--- THE DATA ---
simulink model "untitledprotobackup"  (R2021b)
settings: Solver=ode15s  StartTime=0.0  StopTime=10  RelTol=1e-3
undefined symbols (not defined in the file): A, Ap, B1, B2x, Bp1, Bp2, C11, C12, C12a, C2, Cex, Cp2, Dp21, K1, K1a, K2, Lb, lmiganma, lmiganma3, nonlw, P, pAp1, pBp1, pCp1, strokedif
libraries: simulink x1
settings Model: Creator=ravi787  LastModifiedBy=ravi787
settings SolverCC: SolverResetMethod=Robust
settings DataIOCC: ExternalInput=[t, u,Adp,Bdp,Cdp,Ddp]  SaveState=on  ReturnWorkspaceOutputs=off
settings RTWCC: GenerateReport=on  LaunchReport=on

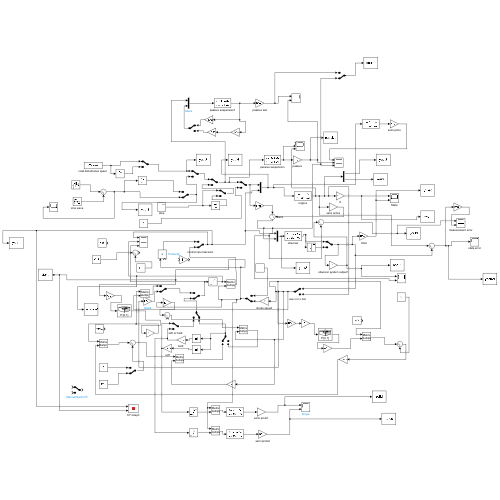
[thumbnail: Simulink's stored preview of the top-level diagram]
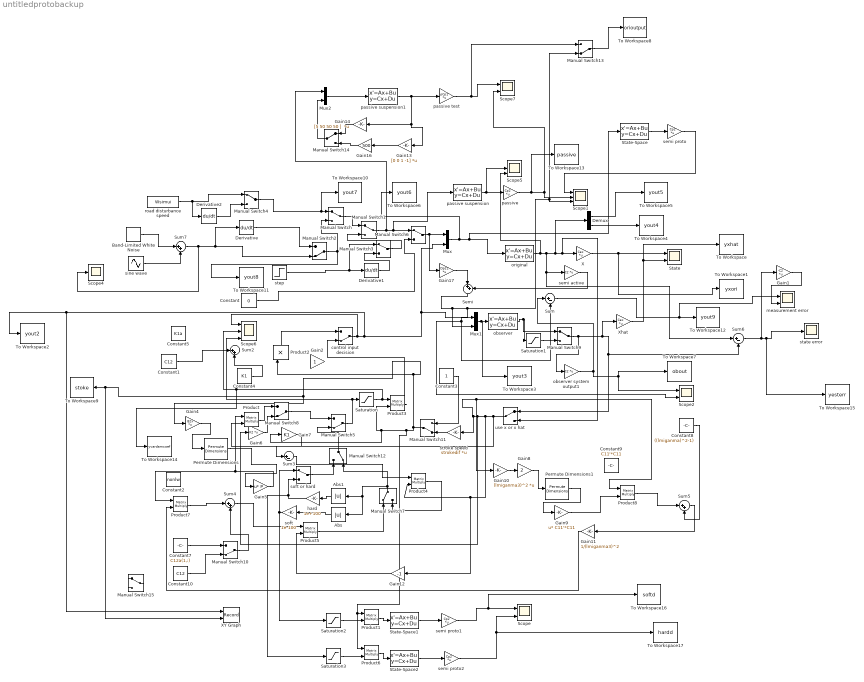
== system untitledprotobackup ==
  " soft" : Gain  Gain=1e-100  SampleTime=0.001
  Abs : Abs  SampleTime=0.001
  Abs1 : Abs  SampleTime=0.001
  Band-Limited White Noise : simulink/Sources/Band-Limited White Noise  Cov=[0.001]  Ts=0.001  seed=[23341]
  Constant : Constant  Value=0  SampleTime=0.001
  Constant1 : Constant  Value=C12  SampleTime=0.001
  Constant10 : Constant  Value=C12  SampleTime=0.001
  Constant2 : Constant  Value=nonlw  SampleTime=0.001
  Constant3 : Constant
  Constant4 : Constant  Value=K1  SampleTime=0.001
  Constant5 : Constant  Value=K1a
  Constant7 : Constant  Value=C12a(1,:)  SampleTime=0.001
  Constant8 : Constant  Value=((lmiganma)^2-1)  SampleTime=0.001
  Constant9 : Constant  Value=C11'*C11  SampleTime=0.001
  Demux : Demux  Outputs=2
  Derivative : Derivative
  Derivative1 : Derivative
  Derivative2 : Derivative
  Gain1 : Gain  Gain=-C2  Multiplication=Matrix(K*u)  SampleTime=0.001
  Gain10 : Gain  Gain=(lmiganma3)^2  Multiplication=Matrix(K*u)  SampleTime=0.001
  Gain11 : Gain  Gain=1/(lmiganma3)^2  SampleTime=0.001
  Gain12 : Gain  Gain=-1  SampleTime=0.001
  Gain13 : Gain  Gain=[0 0 1 -1]  Multiplication=Matrix(K*u)  SampleTime=0.001
  Gain14 : Gain  Gain=[5 50 50 50 ]  Multiplication=Matrix(K*u)  SampleTime=0.001
  Gain16 : Gain  Gain=500  SampleTime=0.001
  Gain17 : Gain  Gain=Dp21  Multiplication=Matrix(K*u)  SampleTime=0.001
  Gain2 : Gain
  Gain4 : Gain  Gain=B2x  Multiplication=Matrix(K*u)  SampleTime=0.001
  Gain5 : Gain  Gain=P  Multiplication=Matrix(u*K)  SampleTime=0.001
  Gain6 : Gain  Gain=K2  Multiplication=Matrix(K*u)  SampleTime=0.001
  Gain7 : Gain  Gain=K1  SampleTime=0.001
  Gain8 : Gain  Gain=2  SampleTime=0.001
  Gain9 : Gain  Gain=C11'*C11  Multiplication=Matrix(u*K)  SampleTime=0.001
  Manual Switch{,1,3..4,6..7,9,14} (8 alike) : ManualSwitch  SampleTime=0.001
  Manual Switch{2,5,8,10..13} (7 alike) : ManualSwitch  CurrentSetting=0  SampleTime=0.001
  Manual Switch15 : ManualSwitch
  Mux : Mux  Inputs=2
  Mux1 : Mux  Inputs=2
  Mux2 : Mux  Inputs=2
  Permute Dimensions : PermuteDimensions
  Permute Dimensions1 : PermuteDimensions
  Product{,1,3..8} (8 alike) : Product  Multiplication=Matrix(*)  SampleTime=0.001
  Product2 : Product  SampleTime=0.001
  Saturation : Saturate  UpperLimit=8000  LowerLimit=0  SampleTime=0.001
  Saturation1 : Saturate  UpperLimit=1000  LowerLimit=-1000  SampleTime=0.001
  Saturation2 : Saturate  UpperLimit=8000  LowerLimit=0  SampleTime=0.001
  Saturation3 : Saturate  UpperLimit=8000  LowerLimit=0  SampleTime=0.001
  Scope : Scope  NumInputPorts=2
  Scope1 : Scope  NumInputPorts=3
  Scope2 : Scope  NumInputPorts=2
  Scope4 : Scope
  Scope5 : Scope  NumInputPorts=3
  Scope6 : Scope  NumInputPorts=3
  Scope7 : Scope  NumInputPorts=2
  Semi : Sum  Inputs=|++  SampleTime=0.001
  State : Scope  NumInputPorts=2
  State-Space : StateSpace  A=Ap  B=[Bp1 Bp2]  C=eye(4)  D=zeros(4,2)  InitialCondition=0
  State-Space1 : StateSpace  A=Ap  B=[Bp1 Bp2]  C=eye(4)  D=zeros(4,2)  InitialCondition=0
  State-Space2 : StateSpace  A=Ap  B=[Bp1 Bp2]  C=eye(4)  D=zeros(4,2)  InitialCondition=0
  Sum : Sum  Inputs=|+-  SampleTime=0.001
  Sum{2,4..5,7} (4 alike) : Sum  Inputs=|++  SampleTime=0.001
  Sum3 : Sum  Inputs=|+-  SampleTime=0.001
  Sum6 : Sum  Inputs=|+-  SampleTime=0.001
  To Workspace : ToWorkspace  VariableName=yxhat  SampleTime=-1
      settings: Save2DSignal=2-D array (concatenate along first dimension)
  To Workspace1 : ToWorkspace  VariableName=yxori  SampleTime=-1
      settings: Save2DSignal=2-D array (concatenate along first dimension)
  To Workspace10 : ToWorkspace  VariableName=yout7  SampleTime=-1
      settings: Save2DSignal=2-D array (concatenate along first dimension)
  To Workspace11 : ToWorkspace  VariableName=yout8  SampleTime=-1
      settings: Save2DSignal=2-D array (concatenate along first dimension)
  To Workspace12 : ToWorkspace  VariableName=yout9  SampleTime=-1
      settings: Save2DSignal=2-D array (concatenate along first dimension)
  To Workspace13 : ToWorkspace  VariableName=passive  SampleTime=-1
      settings: Save2DSignal=2-D array (concatenate along first dimension)
  To Workspace14 : ToWorkspace  VariableName=yvardamcoef  SampleTime=-1
      settings: Save2DSignal=2-D array (concatenate along first dimension)
  To Workspace15 : ToWorkspace  VariableName=yesterr  SampleTime=0.001
  To Workspace16 : ToWorkspace  VariableName=softd  SampleTime=-1
      settings: Save2DSignal=2-D array (concatenate along first dimension)
  To Workspace17 : ToWorkspace  VariableName=hardd  SampleTime=-1
      settings: Save2DSignal=2-D array (concatenate along first dimension)
  To Workspace2 : ToWorkspace  VariableName=yout2  SampleTime=-1
      settings: Save2DSignal=2-D array (concatenate along first dimension)
  To Workspace3 : ToWorkspace  VariableName=yout3  SampleTime=-1
      settings: Save2DSignal=2-D array (concatenate along first dimension)
  To Workspace4 : ToWorkspace  VariableName=yout4  SampleTime=0.001
      settings: Save2DSignal=2-D array (concatenate along first dimension)
  To Workspace5 : ToWorkspace  VariableName=yout5  SampleTime=0.001
      settings: Save2DSignal=2-D array (concatenate along first dimension)
  To Workspace6 : ToWorkspace  VariableName=yout6  SampleTime=-1
      settings: Save2DSignal=2-D array (concatenate along first dimension)
  To Workspace7 : ToWorkspace  VariableName=obout  SampleTime=-1
      settings: Save2DSignal=2-D array (concatenate along first dimension)
  To Workspace8 : ToWorkspace  VariableName=orioutput  SampleTime=-1
      settings: Save2DSignal=2-D array (concatenate along first dimension)
  To Workspace9 : ToWorkspace  VariableName=stoke  SampleTime=-1
      settings: Save2DSignal=2-D array (concatenate along first dimension)
  X : Gain  Gain=Cex  Multiplication=Matrix(K*u)  SampleTime=0.001
  XY Graph : Record  FileSettingsInternal="{\"entries\":[{\"content\":{\"excelSettings\":{\"content\":{},\"type\":\"Streamout.ExcelSettings\"}},\"type\":\"Streamout.FileSettingStorage\",\"uuid\":\"e4f720ca-94c7-4a04-92da-525bd8d92d5f\"}],\"packageUris\":[\"http://schema.mathworks.com/mf0/streamout_blocks/R2020a\"],\"version\":\"1.0\"}"  Layout=[1 1]  SignalsInternal="{\"entries\":[{\"content\":{\"signals\":[{\"content\":{\"blockPath\":[\"untitledproto/XY Graph\"],\"channel\":[],\"dimensions\":[1],\"domain\":\"untitledproto/XY Graph\",\"lineColor\":\"#a2142f\",\"plots\":[1],\"port\":1,\"sid\":[\"\"],\"signalID\":122041,\"signalName\":\"control input decision\"},\"type\":\"RecordBlkView.Signal\",\"uuid\":\"db21bfa7-54c3-44fb-887d-2642e64da830\"},{\"content\":{\"blockPath\":[\"untitledproto/XY Graph\"],\"channel\":[],\"dimensions\":[1,1],\"domain\":\"untitledproto/XY Graph\",\"lineColor\":\"#139fff\",\"plots\":[1],\"port\":2,\"sid\":[\"\"],\"signalID\":122045,\"signalName\":\"Manual Switch11\"},\"type\":\"RecordBlkView.Signal\",\"uuid\":\"0a9d7882-ca07-4e7c-88a6-25abc54f678a\"}]},\"type\":\"RecordBlkView.InputSignals\",\"uuid\":\"6eaef8c5-dc51-4dfc-a136-ce674e642636\"}],\"packageUris\":[\"http://schema.mathworks.com/mf0/streamout_blocks/R2020a\"],\"version\":\"1.0\"}"  VisualizationBindings="{\"xyplotplugin\":{\"info\":[{\"series\":[{\"bindingParametersList\":[{\"parameter\":\"X-Axis\",\"signalID\":122045,\"signalName\":\"Manual Switch11\"},{\"parameter\":\"Y-Axis\",\"signalID\":122041,\"signalName\":\"control input decision\"}],\"seriesID\":47227}],\"subplotID\":1}]}}"  CompatibilityTag=XY
  Xhat : Gain  Gain=Cex  Multiplication=Matrix(K*u)  SampleTime=0.001
  control input decision : ManualSwitch  CurrentSetting=0  SampleTime=0.001
  "hard " : Gain  Gain=1e+100  SampleTime=0.001
  measurement error : Scope  NumInputPorts=2
  observer : StateSpace  A=(A+(Lb/10000)*C2)  B="[ B2x  -Lb/10000]"  C=eye(12)  D=zeros(12,4)  InitialCondition=0  ContinuousStateAttributes='observer'
  observer system output1 : Gain  Gain=C2  Multiplication=Matrix(K*u)  SampleTime=0.001
  original : StateSpace  A=A  B=[B1 B2x]  C=eye(12)  D=zeros(12,2)  InitialCondition=0  ParameterTunability=Unconstrained  ContinuousStateAttributes='original'
  passive : Gain  Gain=Cp2  Multiplication=Matrix(K*u)  SampleTime=0.001
  passive suspension : StateSpace  A=Ap  B=Bp1  C=eye(4)  D=zeros(4,1)  InitialCondition=0
  passive suspension1 : StateSpace  A=pAp1  B=[pBp1 Bp2]  C=eye(4)  D=zeros(4,2)  InitialCondition=0
  passive test : Gain  Gain=pCp1  Multiplication=Matrix(K*u)  SampleTime=0.001
  road disturbance speed : FromWorkspace  VariableName=Wsimui  OutDataTypeStr=double  SampleTime=0.001
  semi active : Gain  Gain=C2  Multiplication=Matrix(K*u)  SampleTime=0.001
  semi proto : Gain  Gain=Cp2  Multiplication=Matrix(K*u)  SampleTime=0.001
  semi proto1 : Gain  Gain=Cp2  Multiplication=Matrix(K*u)  SampleTime=0.001
  semi proto2 : Gain  Gain=Cp2  Multiplication=Matrix(K*u)  SampleTime=0.001
  sine wave : Sin  Frequency=5  SampleTime=0.001
  soft or hard : ManualSwitch  SampleTime=0.001
  state error : Scope
  step : Step  Time=0  SampleTime=0.001
  stroke speed : Gain  Gain=strokedif  Multiplication=Matrix(K*u)  SampleTime=0.001
  use x or x hat : ManualSwitch  SampleTime=0.001
  wires:
  observer/1 -> Manual Switch9/1, Saturation1/1
  Mux1/1 -> To Workspace3/1, observer/1
  original/1 -> Scope5/3, Sum6/1, semi active/1, use x or x hat/2, X/1, Demux/1
  Demux/2 -> To Workspace4/1
  Demux/1 -> To Workspace5/1
  Mux/1 -> To Workspace6/1, State-Space/1, original/1
  observer system output1/1 -> Sum/1, To Workspace7/1, Scope2/1
  Manual Switch/1 -> Manual Switch1/1
  Derivative/1 -> Manual Switch2/1
  Manual Switch2/1 -> Manual Switch/2, To Workspace11/1
  Manual Switch4/1 -> To Workspace10/1, Manual Switch/1
  step/1 -> Manual Switch3/1, Derivative1/1
  Derivative1/1 -> Manual Switch3/2
  Manual Switch3/1 -> Manual Switch1/2
  X/1 -> State/1, To Workspace1/1
  Xhat/1 -> State/2, To Workspace/1
  Sum/1 -> measurement error/1, To Workspace12/1
  road disturbance speed/1 -> Derivative2/1, Manual Switch4/1
  Derivative2/1 -> Manual Switch4/2
  semi active/1 -> Semi/2
  Semi/1 -> Mux1/2, Sum/2, Scope2/2, Manual Switch13/2, Scope1/3
  Manual Switch6/1 -> Mux/1, Gain17/1
  Constant/1 -> Manual Switch6/2
  Constant1/1 -> Sum2/1
  passive suspension/1 -> Scope5/2, passive/1
  passive/1 -> To Workspace13/1, Scope7/2, Scope1/2
  Permute Dimensions/1 -> Gain5/1
  Manual Switch11/1 -> Product6/1, Product1/1, Gain7/1, Product3/2, XY Graph/2, To Workspace9/1, Gain4/1, Product2/1
  Gain4/1 -> Permute Dimensions/1
  Constant4/1 -> Sum2/2
  Product2/1 -> control input decision/1
  control input decision/1 -> Scope6/1, To Workspace2/1, XY Graph/1, Mux/2, Mux1/1
  Gain7/1 -> Sum3/1
  Sum3/1 -> Product4/1
  Product5/1 -> Manual Switch7/1
  Product4/1 -> Manual Switch7/2
  Sum4/1 -> Product5/1
  Gain10/1 -> Gain8/1
  Constant8/1 -> Sum5/2
  Sum5/1 -> Gain11/1
  Product7/1 -> Sum4/1
  Gain5/1 -> Product7/1, Product/1
  Gain11/1 -> Product7/2
  use x or x hat/1 -> Product/2, stroke speed/1, Product8/1, Gain10/1, Gain6/1, Gain12/1, Product4/2
  Product8/1 -> Sum5/1
  Gain8/1 -> Permute Dimensions1/1
  Permute Dimensions1/1 -> Gain9/1
  Gain9/1 -> Product8/2
  Gain6/1 -> Manual Switch8/2
  Product/1 -> Manual Switch8/1
  Manual Switch8/1 -> Manual Switch5/1
  Saturation/1 -> Scope6/2, To Workspace14/1, Product3/1
  Manual Switch5/1 -> Scope6/3, Saturation/1
  Sum6/1 -> Gain1/1, To Workspace15/1, state error/1
  Saturation1/1 -> Manual Switch9/2
  Manual Switch9/1 -> observer system output1/1, Xhat/1, Sum6/2, use x or x hat/1
  Gain12/1 -> Product5/2
  Constant7/1 -> Manual Switch10/1
  Constant10/1 -> Manual Switch10/2
  Manual Switch10/1 -> Sum4/2
  stroke speed/1 -> Manual Switch11/2
  Constant3/1 -> Manual Switch11/1
  Gain1/1 -> measurement error/2
  Manual Switch12/1 -> Manual Switch5/2
  Abs/1 -> " soft"/1
  Manual Switch7/1 -> Manual Switch12/2, Abs1/1, Abs/1
  soft or hard/1 -> Manual Switch12/1
  " soft"/1 -> soft or hard/1, Saturation2/1
  Abs1/1 -> "hard "/1
  "hard "/1 -> Saturation3/1, soft or hard/2
  Band-Limited White Noise/1 -> Sum7/1
  sine wave/1 -> Sum7/2
  Sum7/1 -> Scope4/1, Derivative/1, Manual Switch2/2
  Product3/1 -> control input decision/2
  Manual Switch1/1 -> Mux2/1, Manual Switch6/1, passive suspension/1
  passive suspension1/1 -> Gain13/1, Gain14/1, passive test/1
  Mux2/1 -> passive suspension1/1
  passive test/1 -> Manual Switch13/1, Scope7/1
  Manual Switch13/1 -> To Workspace8/1
  Gain14/1 -> Manual Switch14/1
  Manual Switch14/1 -> Mux2/2
  Gain16/1 -> Manual Switch14/2
  Gain13/1 -> Gain16/1
  Gain17/1 -> Semi/1
  State-Space/1 -> semi proto/1
  semi proto/1 -> Scope1/1
  State-Space1/1 -> semi proto1/1
  State-Space2/1 -> semi proto2/1
  Saturation3/1 -> Product6/2
  Saturation2/1 -> Product1/2
  Product1/1 -> State-Space1/1
  Product6/1 -> State-Space2/1
  semi proto1/1 -> To Workspace16/1, Scope/1
  semi proto2/1 -> To Workspace17/1, Scope/2
---
■ **EXERCISE GOAL**
Search the data above for the word "Limited" and show every line that has it.

■ **RESPONSE TO THIS EXERCISE**
  Band-Limited White Noise : simulink/Sources/Band-Limited White Noise  Cov=[0.001]  Ts=0.001  seed=[23341]
  Band-Limited White Noise/1 -> Sum7/1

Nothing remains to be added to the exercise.